Task description ▸ When you retype the records that follow, keep each word as it is and drop any pictures.

+---+

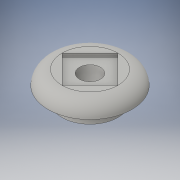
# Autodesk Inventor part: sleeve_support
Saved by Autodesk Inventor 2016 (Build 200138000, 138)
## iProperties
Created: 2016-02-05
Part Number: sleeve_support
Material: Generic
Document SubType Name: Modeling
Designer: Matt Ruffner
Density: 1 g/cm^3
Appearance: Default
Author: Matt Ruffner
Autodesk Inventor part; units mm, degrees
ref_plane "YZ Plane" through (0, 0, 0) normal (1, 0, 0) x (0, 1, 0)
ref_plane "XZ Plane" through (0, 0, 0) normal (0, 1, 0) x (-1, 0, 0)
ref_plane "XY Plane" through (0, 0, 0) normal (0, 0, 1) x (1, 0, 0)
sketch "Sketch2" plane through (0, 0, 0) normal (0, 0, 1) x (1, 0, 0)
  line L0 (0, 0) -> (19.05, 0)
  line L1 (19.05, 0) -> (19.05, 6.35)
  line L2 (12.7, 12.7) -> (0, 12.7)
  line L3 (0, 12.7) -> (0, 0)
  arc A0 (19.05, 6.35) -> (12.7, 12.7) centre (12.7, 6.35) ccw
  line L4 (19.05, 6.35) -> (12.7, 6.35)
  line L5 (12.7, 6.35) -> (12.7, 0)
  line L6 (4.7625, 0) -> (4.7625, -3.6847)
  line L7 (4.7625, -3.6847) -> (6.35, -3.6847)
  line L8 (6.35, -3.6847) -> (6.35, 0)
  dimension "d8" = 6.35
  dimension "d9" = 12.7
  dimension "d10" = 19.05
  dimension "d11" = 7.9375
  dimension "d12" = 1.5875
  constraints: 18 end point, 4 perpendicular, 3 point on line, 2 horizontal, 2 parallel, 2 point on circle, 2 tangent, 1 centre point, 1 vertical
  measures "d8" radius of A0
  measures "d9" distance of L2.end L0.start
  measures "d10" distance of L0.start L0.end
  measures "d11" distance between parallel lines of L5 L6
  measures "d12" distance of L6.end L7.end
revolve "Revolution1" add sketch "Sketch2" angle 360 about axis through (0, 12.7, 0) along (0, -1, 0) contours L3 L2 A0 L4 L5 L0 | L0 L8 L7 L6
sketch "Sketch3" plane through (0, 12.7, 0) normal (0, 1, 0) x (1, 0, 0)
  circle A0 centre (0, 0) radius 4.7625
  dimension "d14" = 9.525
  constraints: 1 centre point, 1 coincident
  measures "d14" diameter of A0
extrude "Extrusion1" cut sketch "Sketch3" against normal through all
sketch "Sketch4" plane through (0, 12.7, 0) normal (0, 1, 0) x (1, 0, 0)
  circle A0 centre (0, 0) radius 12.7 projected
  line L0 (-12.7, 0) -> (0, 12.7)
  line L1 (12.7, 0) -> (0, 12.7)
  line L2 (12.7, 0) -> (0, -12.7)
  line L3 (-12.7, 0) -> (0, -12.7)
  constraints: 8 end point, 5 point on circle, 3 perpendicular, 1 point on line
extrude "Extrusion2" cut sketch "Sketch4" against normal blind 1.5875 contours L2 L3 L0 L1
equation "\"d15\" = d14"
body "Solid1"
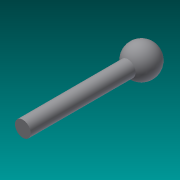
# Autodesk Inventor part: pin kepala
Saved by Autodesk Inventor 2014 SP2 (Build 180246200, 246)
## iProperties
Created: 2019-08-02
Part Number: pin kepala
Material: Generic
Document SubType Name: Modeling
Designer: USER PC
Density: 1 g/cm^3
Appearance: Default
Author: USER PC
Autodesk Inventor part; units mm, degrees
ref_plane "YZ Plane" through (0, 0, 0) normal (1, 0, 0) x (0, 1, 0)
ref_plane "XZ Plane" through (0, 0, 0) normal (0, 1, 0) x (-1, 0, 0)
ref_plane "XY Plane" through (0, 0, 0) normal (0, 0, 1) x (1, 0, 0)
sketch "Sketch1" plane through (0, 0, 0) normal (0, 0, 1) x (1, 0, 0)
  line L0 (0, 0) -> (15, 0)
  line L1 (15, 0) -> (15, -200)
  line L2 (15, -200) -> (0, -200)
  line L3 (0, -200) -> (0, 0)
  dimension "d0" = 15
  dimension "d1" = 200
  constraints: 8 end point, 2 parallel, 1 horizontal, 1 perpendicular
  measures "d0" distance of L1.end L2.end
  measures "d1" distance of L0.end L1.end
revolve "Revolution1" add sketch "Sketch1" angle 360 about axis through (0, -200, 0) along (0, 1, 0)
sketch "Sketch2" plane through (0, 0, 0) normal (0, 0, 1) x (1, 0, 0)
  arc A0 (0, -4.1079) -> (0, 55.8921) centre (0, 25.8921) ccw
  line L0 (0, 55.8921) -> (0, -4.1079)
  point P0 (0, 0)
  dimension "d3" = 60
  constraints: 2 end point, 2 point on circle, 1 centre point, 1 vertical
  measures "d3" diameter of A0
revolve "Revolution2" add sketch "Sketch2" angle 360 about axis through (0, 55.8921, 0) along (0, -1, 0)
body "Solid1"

+---+

Finished task ▸
# Autodesk Inventor part: sleeve_support
Saved by Autodesk Inventor 2016 (Build 200138000, 138)
## iProperties
Created: 2016-02-05
Part Number: sleeve_support
Material: Generic
Document SubType Name: Modeling
Designer: Matt Ruffner
Density: 1 g/cm^3
Appearance: Default
Author: Matt Ruffner
Autodesk Inventor part; units mm, degrees
ref_plane "YZ Plane" through (0, 0, 0) normal (1, 0, 0) x (0, 1, 0)
ref_plane "XZ Plane" through (0, 0, 0) normal (0, 1, 0) x (-1, 0, 0)
ref_plane "XY Plane" through (0, 0, 0) normal (0, 0, 1) x (1, 0, 0)
sketch "Sketch2" plane through (0, 0, 0) normal (0, 0, 1) x (1, 0, 0)
  line L0 (0, 0) -> (19.05, 0)
  line L1 (19.05, 0) -> (19.05, 6.35)
  line L2 (12.7, 12.7) -> (0, 12.7)
  line L3 (0, 12.7) -> (0, 0)
  arc A0 (19.05, 6.35) -> (12.7, 12.7) centre (12.7, 6.35) ccw
  line L4 (19.05, 6.35) -> (12.7, 6.35)
  line L5 (12.7, 6.35) -> (12.7, 0)
  line L6 (4.7625, 0) -> (4.7625, -3.6847)
  line L7 (4.7625, -3.6847) -> (6.35, -3.6847)
  line L8 (6.35, -3.6847) -> (6.35, 0)
  dimension "d8" = 6.35
  dimension "d9" = 12.7
  dimension "d10" = 19.05
  dimension "d11" = 7.9375
  dimension "d12" = 1.5875
  constraints: 18 end point, 4 perpendicular, 3 point on line, 2 horizontal, 2 parallel, 2 point on circle, 2 tangent, 1 centre point, 1 vertical
  measures "d8" radius of A0
  measures "d9" distance of L2.end L0.start
  measures "d10" distance of L0.start L0.end
  measures "d11" distance between parallel lines of L5 L6
  measures "d12" distance of L6.end L7.end
revolve "Revolution1" add sketch "Sketch2" angle 360 about axis through (0, 12.7, 0) along (0, -1, 0) contours L3 L2 A0 L4 L5 L0 | L0 L8 L7 L6
sketch "Sketch3" plane through (0, 12.7, 0) normal (0, 1, 0) x (1, 0, 0)
  circle A0 centre (0, 0) radius 4.7625
  dimension "d14" = 9.525
  constraints: 1 centre point, 1 coincident
  measures "d14" diameter of A0
extrude "Extrusion1" cut sketch "Sketch3" against normal through all
sketch "Sketch4" plane through (0, 12.7, 0) normal (0, 1, 0) x (1, 0, 0)
  circle A0 centre (0, 0) radius 12.7 projected
  line L0 (-12.7, 0) -> (0, 12.7)
  line L1 (12.7, 0) -> (0, 12.7)
  line L2 (12.7, 0) -> (0, -12.7)
  line L3 (-12.7, 0) -> (0, -12.7)
  constraints: 8 end point, 5 point on circle, 3 perpendicular, 1 point on line
extrude "Extrusion2" cut sketch "Sketch4" against normal blind 1.5875 contours L2 L3 L0 L1
equation "\"d15\" = d14"
body "Solid1"
# Autodesk Inventor part: pin kepala
Saved by Autodesk Inventor 2014 SP2 (Build 180246200, 246)
## iProperties
Created: 2019-08-02
Part Number: pin kepala
Material: Generic
Document SubType Name: Modeling
Designer: USER PC
Density: 1 g/cm^3
Appearance: Default
Author: USER PC
Autodesk Inventor part; units mm, degrees
ref_plane "YZ Plane" through (0, 0, 0) normal (1, 0, 0) x (0, 1, 0)
ref_plane "XZ Plane" through (0, 0, 0) normal (0, 1, 0) x (-1, 0, 0)
ref_plane "XY Plane" through (0, 0, 0) normal (0, 0, 1) x (1, 0, 0)
sketch "Sketch1" plane through (0, 0, 0) normal (0, 0, 1) x (1, 0, 0)
  line L0 (0, 0) -> (15, 0)
  line L1 (15, 0) -> (15, -200)
  line L2 (15, -200) -> (0, -200)
  line L3 (0, -200) -> (0, 0)
  dimension "d0" = 15
  dimension "d1" = 200
  constraints: 8 end point, 2 parallel, 1 horizontal, 1 perpendicular
  measures "d0" distance of L1.end L2.end
  measures "d1" distance of L0.end L1.end
revolve "Revolution1" add sketch "Sketch1" angle 360 about axis through (0, -200, 0) along (0, 1, 0)
sketch "Sketch2" plane through (0, 0, 0) normal (0, 0, 1) x (1, 0, 0)
  arc A0 (0, -4.1079) -> (0, 55.8921) centre (0, 25.8921) ccw
  line L0 (0, 55.8921) -> (0, -4.1079)
  point P0 (0, 0)
  dimension "d3" = 60
  constraints: 2 end point, 2 point on circle, 1 centre point, 1 vertical
  measures "d3" diameter of A0
revolve "Revolution2" add sketch "Sketch2" angle 360 about axis through (0, 55.8921, 0) along (0, -1, 0)
body "Solid1"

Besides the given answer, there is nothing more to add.